Using a “clean slate” of a beach wiped smooth by the tide for sketching a cross-section of a typical ghost-shrimp burrow, many of which also happened to be underneath our feet. (Photograph by Ruth Schowalter.)

The final sketch of a ghost-shrimp burrow, showing its volcano-like top, narrow “chimney” leading down to the main shaft of the shrimp’s living chamber, some of the pellets lining its burrow walls, and the geometry of the burrow network below. (Photograph by Anthony Martin.)

Was my teaching technique new and innovative, worth presenting at an educational conference as an assessment-friendly pedagogy that would maximize outcome-based education? In short, no. Sand drawing as a tool for education has a very long tradition in indigenous cultures, especially those that have their own forms of ichnology (such as tracking) at their cores. For example, in central Australia, Ruth and I had seen a creation story etched in the ground that had been done some by the Arrente people who live near Uluru. This story likewise used animal traces (emu tracks) as a key feature, a sort of iterative use of traces for inspiration and teaching.

Creation story of the Arrente people drawn in the soil near Uluru in Northern Territory, Australia. The figure at the bottom is an emu, and its tracks are shown leading away from it. (Photograph by Anthony Martin.)

At the same place, we also watched an Arrente elder demonstrate how to make animal tracks using only his fingers and palms, which was also described in books we had read about

Did you know you can use your hands to make animal tracks? In this photo, I use the fine-grained dune sands of Sapelo Island to create a reasonable depiction of kangaroo tracks. Yes, I know, kangaroo tracks on the Georgia barrier islands are not very likely, but you get the idea. Next time I’ll do raccoon tracks instead.

Some of us educators are old enough to remember using a technological succession of blackboards and chalk, overhead projectors with pens, whiteboards with dry-erase pens, and now presentation software (Keynote, PowerPoint, and so on) for imparting lessons. So it gives me great comfort to know that, with a generation of students who have never known a world without computers with a concomitantly reduced connection to the outdoors, we can still switch back to using the ground beneath our feet, our eyes, hands, and imaginations to teach and learn about the life traces around us.

Further Reading

Bingham, J. 2005. Aboriginal Art and Culture.
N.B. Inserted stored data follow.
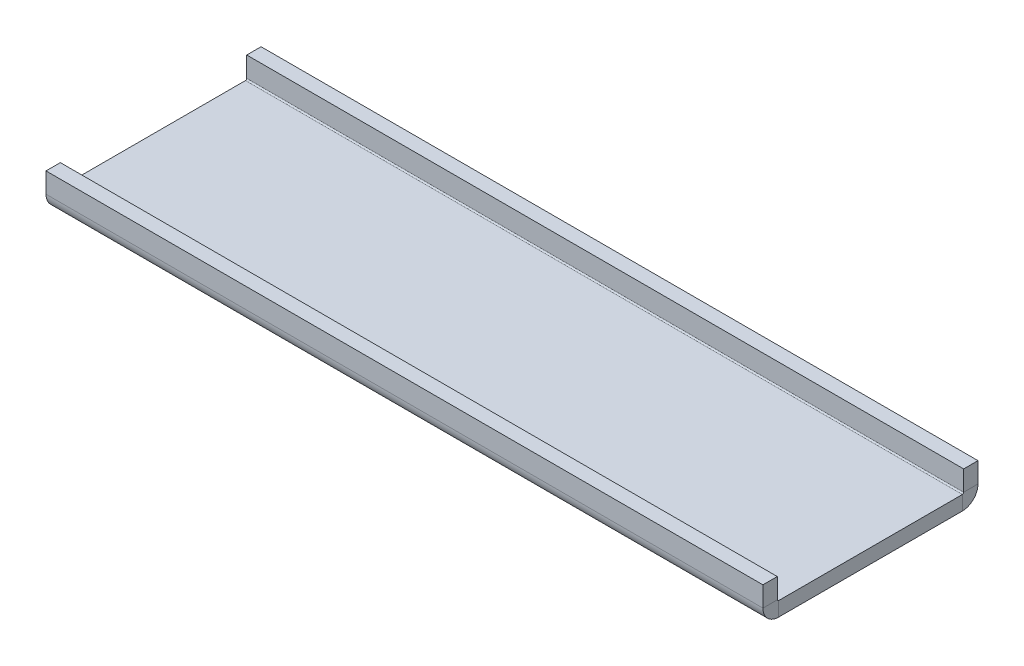
ISO-10303-21;
HEADER;
FILE_DESCRIPTION(('STEP AP214'),'2;1');
FILE_NAME('part.step','',(''),(''),'','','');
FILE_SCHEMA(('AUTOMOTIVE_DESIGN { 1 0 10303 214 1 1 1 1 }'));
ENDSEC;
DATA;
#1=APPLICATION_CONTEXT('core data for automotive mechanical design processes');
#2=APPLICATION_PROTOCOL_DEFINITION('international standard','automotive_design',2000,#1);
#3=PRODUCT_CONTEXT('',#1,'mechanical');
#4=PRODUCT('Part','Part','',(#3));
#5=PRODUCT_RELATED_PRODUCT_CATEGORY('part','',(#4));
#6=PRODUCT_DEFINITION_FORMATION('','',#4);
#7=PRODUCT_DEFINITION_CONTEXT('part definition',#1,'design');
#8=PRODUCT_DEFINITION('design','',#6,#7);
#9=PRODUCT_DEFINITION_SHAPE('','',#8);
#10=(LENGTH_UNIT() NAMED_UNIT(*) SI_UNIT(.MILLI.,.METRE.));
#11=(NAMED_UNIT(*) PLANE_ANGLE_UNIT() SI_UNIT($,.RADIAN.));
#12=(NAMED_UNIT(*) SI_UNIT($,.STERADIAN.) SOLID_ANGLE_UNIT());
#13=UNCERTAINTY_MEASURE_WITH_UNIT(LENGTH_MEASURE(1.E-05),#10,'distance_accuracy_value','');
#14=(GEOMETRIC_REPRESENTATION_CONTEXT(3) GLOBAL_UNCERTAINTY_ASSIGNED_CONTEXT((#13)) GLOBAL_UNIT_ASSIGNED_CONTEXT((#10,
#11,#12)) REPRESENTATION_CONTEXT('',''));
#15=CARTESIAN_POINT('',(0.,0.,0.));
#16=DIRECTION('',(0.,0.,1.));
#17=DIRECTION('',(1.,0.,0.));
#18=AXIS2_PLACEMENT_3D('',#15,#16,#17);
#19=CARTESIAN_POINT('',(0.,-4.,0.));
#20=DIRECTION('',(0.,1.,0.));
#21=DIRECTION('',(0.,0.,1.));
#22=AXIS2_PLACEMENT_3D('',#19,#20,#21);
#23=PLANE('',#22);
#24=DIRECTION('',(-1.,0.,0.));
#25=VECTOR('',#24,1.);
#26=CARTESIAN_POINT('',(-200.,-4.,-111.2634));
#27=LINE('',#26,#25);
#28=CARTESIAN_POINT('',(-200.,-4.,-111.2634));
#29=VERTEX_POINT('',#28);
#30=CARTESIAN_POINT('',(200.,-4.,-111.2634));
#31=VERTEX_POINT('',#30);
#32=EDGE_CURVE('E181',#29,#31,#27,.F.);
#33=ORIENTED_EDGE('',*,*,#32,.T.);
#34=DIRECTION('',(0.,0.,-1.));
#35=VECTOR('',#34,1.);
#36=CARTESIAN_POINT('',(200.,-4.,0.));
#37=LINE('',#36,#35);
#38=CARTESIAN_POINT('',(200.,-4.,-8.7366));
#39=VERTEX_POINT('',#38);
#40=EDGE_CURVE('E92',#39,#31,#37,.T.);
#41=ORIENTED_EDGE('',*,*,#40,.F.);
#42=DIRECTION('',(1.,0.,0.));
#43=VECTOR('',#42,1.);
#44=CARTESIAN_POINT('',(200.,-4.,-8.7366));
#45=LINE('',#44,#43);
#46=CARTESIAN_POINT('',(-200.,-4.,-8.7366));
#47=VERTEX_POINT('',#46);
#48=EDGE_CURVE('E276',#39,#47,#45,.F.);
#49=ORIENTED_EDGE('',*,*,#48,.T.);
#50=DIRECTION('',(0.,0.,1.));
#51=VECTOR('',#50,1.);
#52=CARTESIAN_POINT('',(-200.,-4.,-120.));
#53=LINE('',#52,#51);
#54=EDGE_CURVE('E13',#29,#47,#53,.T.);
#55=ORIENTED_EDGE('',*,*,#54,.F.);
#56=EDGE_LOOP('',(#33,#41,#49,#55));
#57=FACE_BOUND('',#56,.T.);
#58=ADVANCED_FACE('F83',(#57),#23,.F.);
#59=CARTESIAN_POINT('',(0.,4.,0.));
#60=DIRECTION('',(0.,1.,0.));
#61=DIRECTION('',(0.,0.,1.));
#62=AXIS2_PLACEMENT_3D('',#59,#60,#61);
#63=PLANE('',#62);
#64=DIRECTION('',(0.,0.,-1.));
#65=VECTOR('',#64,1.);
#66=CARTESIAN_POINT('',(200.,4.,0.));
#67=LINE('',#66,#65);
#68=CARTESIAN_POINT('',(200.,4.,-8.7366));
#69=VERTEX_POINT('',#68);
#70=CARTESIAN_POINT('',(200.,4.,-111.2634));
#71=VERTEX_POINT('',#70);
#72=EDGE_CURVE('E294',#69,#71,#67,.T.);
#73=ORIENTED_EDGE('',*,*,#72,.T.);
#74=DIRECTION('',(-1.,0.,0.));
#75=VECTOR('',#74,1.);
#76=CARTESIAN_POINT('',(-200.,4.,-111.2634));
#77=LINE('',#76,#75);
#78=CARTESIAN_POINT('',(-200.,4.,-111.2634));
#79=VERTEX_POINT('',#78);
#80=EDGE_CURVE('E235',#79,#71,#77,.F.);
#81=ORIENTED_EDGE('',*,*,#80,.F.);
#82=DIRECTION('',(0.,0.,1.));
#83=VECTOR('',#82,1.);
#84=CARTESIAN_POINT('',(-200.,4.,-120.));
#85=LINE('',#84,#83);
#86=CARTESIAN_POINT('',(-200.,4.,-8.7366));
#87=VERTEX_POINT('',#86);
#88=EDGE_CURVE('E87',#79,#87,#85,.T.);
#89=ORIENTED_EDGE('',*,*,#88,.T.);
#90=DIRECTION('',(1.,0.,0.));
#91=VECTOR('',#90,1.);
#92=CARTESIAN_POINT('',(200.,4.,-8.7366));
#93=LINE('',#92,#91);
#94=EDGE_CURVE('E100',#69,#87,#93,.F.);
#95=ORIENTED_EDGE('',*,*,#94,.F.);
#96=EDGE_LOOP('',(#73,#81,#89,#95));
#97=FACE_BOUND('',#96,.T.);
#98=ADVANCED_FACE('F299',(#97),#63,.T.);
#99=CARTESIAN_POINT('',(-200.,-4.,-120.));
#100=DIRECTION('',(-1.,0.,0.));
#101=DIRECTION('',(0.,0.,1.));
#102=AXIS2_PLACEMENT_3D('',#99,#100,#101);
#103=PLANE('',#102);
#104=ORIENTED_EDGE('',*,*,#88,.F.);
#105=DIRECTION('',(0.,-1.,0.));
#106=VECTOR('',#105,1.);
#107=CARTESIAN_POINT('',(-200.,4.,-111.2634));
#108=LINE('',#107,#106);
#109=EDGE_CURVE('E231',#79,#29,#108,.T.);
#110=ORIENTED_EDGE('',*,*,#109,.T.);
#111=ORIENTED_EDGE('',*,*,#54,.T.);
#112=DIRECTION('',(0.,-1.,0.));
#113=VECTOR('',#112,1.);
#114=CARTESIAN_POINT('',(-200.,4.,-8.7366));
#115=LINE('',#114,#113);
#116=EDGE_CURVE('E291',#87,#47,#115,.T.);
#117=ORIENTED_EDGE('',*,*,#116,.F.);
#118=EDGE_LOOP('',(#104,#110,#111,#117));
#119=FACE_BOUND('',#118,.T.);
#120=ADVANCED_FACE('F300',(#119),#103,.T.);
#121=CARTESIAN_POINT('',(200.,-4.,0.));
#122=DIRECTION('',(1.,0.,0.));
#123=DIRECTION('',(0.,0.,-1.));
#124=AXIS2_PLACEMENT_3D('',#121,#122,#123);
#125=PLANE('',#124);
#126=DIRECTION('',(0.,-1.,0.));
#127=VECTOR('',#126,1.);
#128=CARTESIAN_POINT('',(200.,4.,-111.2634));
#129=LINE('',#128,#127);
#130=EDGE_CURVE('E239',#71,#31,#129,.T.);
#131=ORIENTED_EDGE('',*,*,#130,.F.);
#132=ORIENTED_EDGE('',*,*,#72,.F.);
#133=DIRECTION('',(0.,-1.,0.));
#134=VECTOR('',#133,1.);
#135=CARTESIAN_POINT('',(200.,4.,-8.7366));
#136=LINE('',#135,#134);
#137=EDGE_CURVE('E282',#69,#39,#136,.T.);
#138=ORIENTED_EDGE('',*,*,#137,.T.);
#139=ORIENTED_EDGE('',*,*,#40,.T.);
#140=EDGE_LOOP('',(#131,#132,#138,#139));
#141=FACE_BOUND('',#140,.T.);
#142=ADVANCED_FACE('F85',(#141),#125,.T.);
#143=CARTESIAN_POINT('',(-200.,4.7366,-8.7366));
#144=DIRECTION('',(-1.,0.,0.));
#145=DIRECTION('',(0.,0.,1.));
#146=AXIS2_PLACEMENT_3D('',#143,#144,#145);
#147=PLANE('',#146);
#148=DIRECTION('',(0.,0.,1.));
#149=VECTOR('',#148,1.);
#150=CARTESIAN_POINT('',(-200.,4.7366,0.));
#151=LINE('',#150,#149);
#152=CARTESIAN_POINT('',(-200.,4.73659999999999,-8.));
#153=VERTEX_POINT('',#152);
#154=CARTESIAN_POINT('',(-200.,4.73659999999997,0.));
#155=VERTEX_POINT('',#154);
#156=EDGE_CURVE('E242',#153,#155,#151,.T.);
#157=ORIENTED_EDGE('',*,*,#156,.F.);
#158=CARTESIAN_POINT('',(-200.,4.7366,-8.7366));
#159=DIRECTION('',(1.,0.,0.));
#160=DIRECTION('',(0.,0.,-1.));
#161=AXIS2_PLACEMENT_3D('',#158,#159,#160);
#162=CIRCLE('',#161,0.7366);
#163=EDGE_CURVE('E285',#87,#153,#162,.F.);
#164=ORIENTED_EDGE('',*,*,#163,.F.);
#165=ORIENTED_EDGE('',*,*,#116,.T.);
#166=CARTESIAN_POINT('',(-200.,4.7366,-8.7366));
#167=DIRECTION('',(1.,0.,0.));
#168=DIRECTION('',(0.,0.,-1.));
#169=AXIS2_PLACEMENT_3D('',#166,#167,#168);
#170=CIRCLE('',#169,8.7366);
#171=EDGE_CURVE('E278',#47,#155,#170,.F.);
#172=ORIENTED_EDGE('',*,*,#171,.T.);
#173=EDGE_LOOP('',(#157,#164,#165,#172));
#174=FACE_BOUND('',#173,.T.);
#175=ADVANCED_FACE('F308',(#174),#147,.T.);
#176=CARTESIAN_POINT('',(200.,4.7366,-8.7366));
#177=DIRECTION('',(-1.,0.,0.));
#178=DIRECTION('',(0.,0.,1.));
#179=AXIS2_PLACEMENT_3D('',#176,#177,#178);
#180=PLANE('',#179);
#181=CARTESIAN_POINT('',(200.,4.7366,-8.7366));
#182=DIRECTION('',(1.,0.,0.));
#183=DIRECTION('',(0.,0.,-1.));
#184=AXIS2_PLACEMENT_3D('',#181,#182,#183);
#185=CIRCLE('',#184,0.7366);
#186=CARTESIAN_POINT('',(200.,4.73659999999999,-8.));
#187=VERTEX_POINT('',#186);
#188=EDGE_CURVE('E246',#187,#69,#185,.T.);
#189=ORIENTED_EDGE('',*,*,#188,.F.);
#190=DIRECTION('',(0.,0.,1.));
#191=VECTOR('',#190,1.);
#192=CARTESIAN_POINT('',(200.,4.7366,-8.));
#193=LINE('',#192,#191);
#194=CARTESIAN_POINT('',(200.,4.7366,0.));
#195=VERTEX_POINT('',#194);
#196=EDGE_CURVE('E269',#187,#195,#193,.T.);
#197=ORIENTED_EDGE('',*,*,#196,.T.);
#198=CARTESIAN_POINT('',(200.,4.7366,-8.7366));
#199=DIRECTION('',(1.,0.,0.));
#200=DIRECTION('',(0.,0.,-1.));
#201=AXIS2_PLACEMENT_3D('',#198,#199,#200);
#202=CIRCLE('',#201,8.7366);
#203=EDGE_CURVE('E279',#195,#39,#202,.T.);
#204=ORIENTED_EDGE('',*,*,#203,.T.);
#205=ORIENTED_EDGE('',*,*,#137,.F.);
#206=EDGE_LOOP('',(#189,#197,#204,#205));
#207=FACE_BOUND('',#206,.T.);
#208=ADVANCED_FACE('F328',(#207),#180,.F.);
#209=CARTESIAN_POINT('',(200.,4.7366,-8.7366));
#210=DIRECTION('',(1.,0.,0.));
#211=DIRECTION('',(0.,0.,1.));
#212=AXIS2_PLACEMENT_3D('',#209,#210,#211);
#213=CYLINDRICAL_SURFACE('',#212,8.7366);
#214=ORIENTED_EDGE('',*,*,#48,.F.);
#215=ORIENTED_EDGE('',*,*,#203,.F.);
#216=DIRECTION('',(1.,0.,0.));
#217=VECTOR('',#216,1.);
#218=CARTESIAN_POINT('',(0.,4.7366,0.));
#219=LINE('',#218,#217);
#220=EDGE_CURVE('E266',#155,#195,#219,.T.);
#221=ORIENTED_EDGE('',*,*,#220,.F.);
#222=ORIENTED_EDGE('',*,*,#171,.F.);
#223=EDGE_LOOP('',(#214,#215,#221,#222));
#224=FACE_BOUND('',#223,.T.);
#225=ADVANCED_FACE('F333',(#224),#213,.T.);
#226=CARTESIAN_POINT('',(200.,4.7366,-8.7366));
#227=DIRECTION('',(1.,0.,0.));
#228=DIRECTION('',(0.,0.,1.));
#229=AXIS2_PLACEMENT_3D('',#226,#227,#228);
#230=CYLINDRICAL_SURFACE('',#229,0.7366);
#231=ORIENTED_EDGE('',*,*,#94,.T.);
#232=ORIENTED_EDGE('',*,*,#163,.T.);
#233=DIRECTION('',(-1.,0.,0.));
#234=VECTOR('',#233,1.);
#235=CARTESIAN_POINT('',(-200.,4.7366,-8.));
#236=LINE('',#235,#234);
#237=EDGE_CURVE('E272',#153,#187,#236,.F.);
#238=ORIENTED_EDGE('',*,*,#237,.T.);
#239=ORIENTED_EDGE('',*,*,#188,.T.);
#240=EDGE_LOOP('',(#231,#232,#238,#239));
#241=FACE_BOUND('',#240,.T.);
#242=ADVANCED_FACE('F305',(#241),#230,.F.);
#243=CARTESIAN_POINT('',(200.,3.99999999999997,0.));
#244=DIRECTION('',(1.,0.,0.));
#245=DIRECTION('',(0.,0.,-1.));
#246=AXIS2_PLACEMENT_3D('',#243,#244,#245);
#247=PLANE('',#246);
#248=DIRECTION('',(0.,-1.,0.));
#249=VECTOR('',#248,1.);
#250=CARTESIAN_POINT('',(200.,3.99999999999997,0.));
#251=LINE('',#250,#249);
#252=CARTESIAN_POINT('',(200.,16.,0.));
#253=VERTEX_POINT('',#252);
#254=EDGE_CURVE('E250',#253,#195,#251,.T.);
#255=ORIENTED_EDGE('',*,*,#254,.T.);
#256=ORIENTED_EDGE('',*,*,#196,.F.);
#257=DIRECTION('',(0.,1.,0.));
#258=VECTOR('',#257,1.);
#259=CARTESIAN_POINT('',(200.,0.,-8.00000000000001));
#260=LINE('',#259,#258);
#261=CARTESIAN_POINT('',(200.,16.,-7.99999999999996));
#262=VERTEX_POINT('',#261);
#263=EDGE_CURVE('E258',#262,#187,#260,.F.);
#264=ORIENTED_EDGE('',*,*,#263,.F.);
#265=DIRECTION('',(0.,0.,-1.));
#266=VECTOR('',#265,1.);
#267=CARTESIAN_POINT('',(200.,16.,0.));
#268=LINE('',#267,#266);
#269=EDGE_CURVE('E244',#253,#262,#268,.T.);
#270=ORIENTED_EDGE('',*,*,#269,.F.);
#271=EDGE_LOOP('',(#255,#256,#264,#270));
#272=FACE_BOUND('',#271,.T.);
#273=ADVANCED_FACE('F326',(#272),#247,.T.);
#274=CARTESIAN_POINT('',(-200.,16.,0.));
#275=DIRECTION('',(-1.,0.,0.));
#276=DIRECTION('',(0.,0.,1.));
#277=AXIS2_PLACEMENT_3D('',#274,#275,#276);
#278=PLANE('',#277);
#279=DIRECTION('',(0.,-1.,0.));
#280=VECTOR('',#279,1.);
#281=CARTESIAN_POINT('',(-200.,0.,-8.00000000000001));
#282=LINE('',#281,#280);
#283=CARTESIAN_POINT('',(-200.,16.,-7.99999999999996));
#284=VERTEX_POINT('',#283);
#285=EDGE_CURVE('E264',#153,#284,#282,.F.);
#286=ORIENTED_EDGE('',*,*,#285,.F.);
#287=ORIENTED_EDGE('',*,*,#156,.T.);
#288=DIRECTION('',(0.,1.,0.));
#289=VECTOR('',#288,1.);
#290=CARTESIAN_POINT('',(-200.,16.,0.));
#291=LINE('',#290,#289);
#292=CARTESIAN_POINT('',(-200.,16.,0.));
#293=VERTEX_POINT('',#292);
#294=EDGE_CURVE('E256',#155,#293,#291,.T.);
#295=ORIENTED_EDGE('',*,*,#294,.T.);
#296=DIRECTION('',(0.,0.,-1.));
#297=VECTOR('',#296,1.);
#298=CARTESIAN_POINT('',(-200.,16.,0.));
#299=LINE('',#298,#297);
#300=EDGE_CURVE('E247',#293,#284,#299,.T.);
#301=ORIENTED_EDGE('',*,*,#300,.T.);
#302=EDGE_LOOP('',(#286,#287,#295,#301));
#303=FACE_BOUND('',#302,.T.);
#304=ADVANCED_FACE('F312',(#303),#278,.T.);
#305=CARTESIAN_POINT('',(0.,0.,0.));
#306=DIRECTION('',(0.,0.,1.));
#307=DIRECTION('',(0.,-1.,0.));
#308=AXIS2_PLACEMENT_3D('',#305,#306,#307);
#309=PLANE('',#308);
#310=ORIENTED_EDGE('',*,*,#294,.F.);
#311=ORIENTED_EDGE('',*,*,#220,.T.);
#312=ORIENTED_EDGE('',*,*,#254,.F.);
#313=DIRECTION('',(1.,0.,0.));
#314=VECTOR('',#313,1.);
#315=CARTESIAN_POINT('',(200.,16.,0.));
#316=LINE('',#315,#314);
#317=EDGE_CURVE('E253',#293,#253,#316,.T.);
#318=ORIENTED_EDGE('',*,*,#317,.F.);
#319=EDGE_LOOP('',(#310,#311,#312,#318));
#320=FACE_BOUND('',#319,.T.);
#321=ADVANCED_FACE('F316',(#320),#309,.T.);
#322=CARTESIAN_POINT('',(0.,0.,-8.00000000000001));
#323=DIRECTION('',(0.,0.,1.));
#324=DIRECTION('',(0.,-1.,0.));
#325=AXIS2_PLACEMENT_3D('',#322,#323,#324);
#326=PLANE('',#325);
#327=ORIENTED_EDGE('',*,*,#237,.F.);
#328=ORIENTED_EDGE('',*,*,#285,.T.);
#329=DIRECTION('',(-1.,0.,0.));
#330=VECTOR('',#329,1.);
#331=CARTESIAN_POINT('',(0.,16.,-7.99999999999996));
#332=LINE('',#331,#330);
#333=EDGE_CURVE('E261',#284,#262,#332,.F.);
#334=ORIENTED_EDGE('',*,*,#333,.T.);
#335=ORIENTED_EDGE('',*,*,#263,.T.);
#336=EDGE_LOOP('',(#327,#328,#334,#335));
#337=FACE_BOUND('',#336,.T.);
#338=ADVANCED_FACE('F323',(#337),#326,.F.);
#339=CARTESIAN_POINT('',(200.,16.,0.));
#340=DIRECTION('',(0.,1.,0.));
#341=DIRECTION('',(0.,0.,1.));
#342=AXIS2_PLACEMENT_3D('',#339,#340,#341);
#343=PLANE('',#342);
#344=ORIENTED_EDGE('',*,*,#333,.F.);
#345=ORIENTED_EDGE('',*,*,#300,.F.);
#346=ORIENTED_EDGE('',*,*,#317,.T.);
#347=ORIENTED_EDGE('',*,*,#269,.T.);
#348=EDGE_LOOP('',(#344,#345,#346,#347));
#349=FACE_BOUND('',#348,.T.);
#350=ADVANCED_FACE('F320',(#349),#343,.T.);
#351=CARTESIAN_POINT('',(200.,4.7366,-111.2634));
#352=DIRECTION('',(1.,0.,0.));
#353=DIRECTION('',(0.,0.,-1.));
#354=AXIS2_PLACEMENT_3D('',#351,#352,#353);
#355=PLANE('',#354);
#356=DIRECTION('',(0.,0.,-1.));
#357=VECTOR('',#356,1.);
#358=CARTESIAN_POINT('',(200.,4.73660000000006,-120.));
#359=LINE('',#358,#357);
#360=CARTESIAN_POINT('',(200.,4.7366,-112.));
#361=VERTEX_POINT('',#360);
#362=CARTESIAN_POINT('',(200.,4.7366,-120.));
#363=VERTEX_POINT('',#362);
#364=EDGE_CURVE('E226',#361,#363,#359,.T.);
#365=ORIENTED_EDGE('',*,*,#364,.F.);
#366=CARTESIAN_POINT('',(200.,4.7366,-111.2634));
#367=DIRECTION('',(-1.,0.,0.));
#368=DIRECTION('',(0.,0.,1.));
#369=AXIS2_PLACEMENT_3D('',#366,#367,#368);
#370=CIRCLE('',#369,0.736600000000004);
#371=EDGE_CURVE('E184',#71,#361,#370,.F.);
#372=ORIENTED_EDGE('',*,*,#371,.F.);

Raintree, Chicago, Illinois: 57 p.

Hoyt, J.H., and Hails, J.R. 1967. Pleistocene shoreline sediments in coastal Georgia: deposition and modification. Science, 155: 1541-1543.

Hoyt, J.H., Weimer, R.J., and Henry, V.J., Jr. 1964. Late Pleistocene and recent sedimentation on the central Georgia coast, U.S.A. In van Straaten, L.M.J.U. (editor), Deltaic and Shallow Marine Deposits, Developments in Sedimentology I. Elsevier, Amsterdam: 170-176.

Louv, R. 2005. Last Child in the Woods: Saving Our Children from Nature-Deficit Disorder. Algonquin Books, Chapel Hill, North Carolina: 390 p.

Middleton, G.V. 1973. Johannes Walther’s Law of the Correlation of Facies. GSA Bulletin, 84: 979-988.

Weimer, R.J., and Hoyt, J.H. 1964. Burrows of Callianassa major Say, geologic indicators of littoral and shallow neritic environments. Journal of Paleontology, 38: 761-767.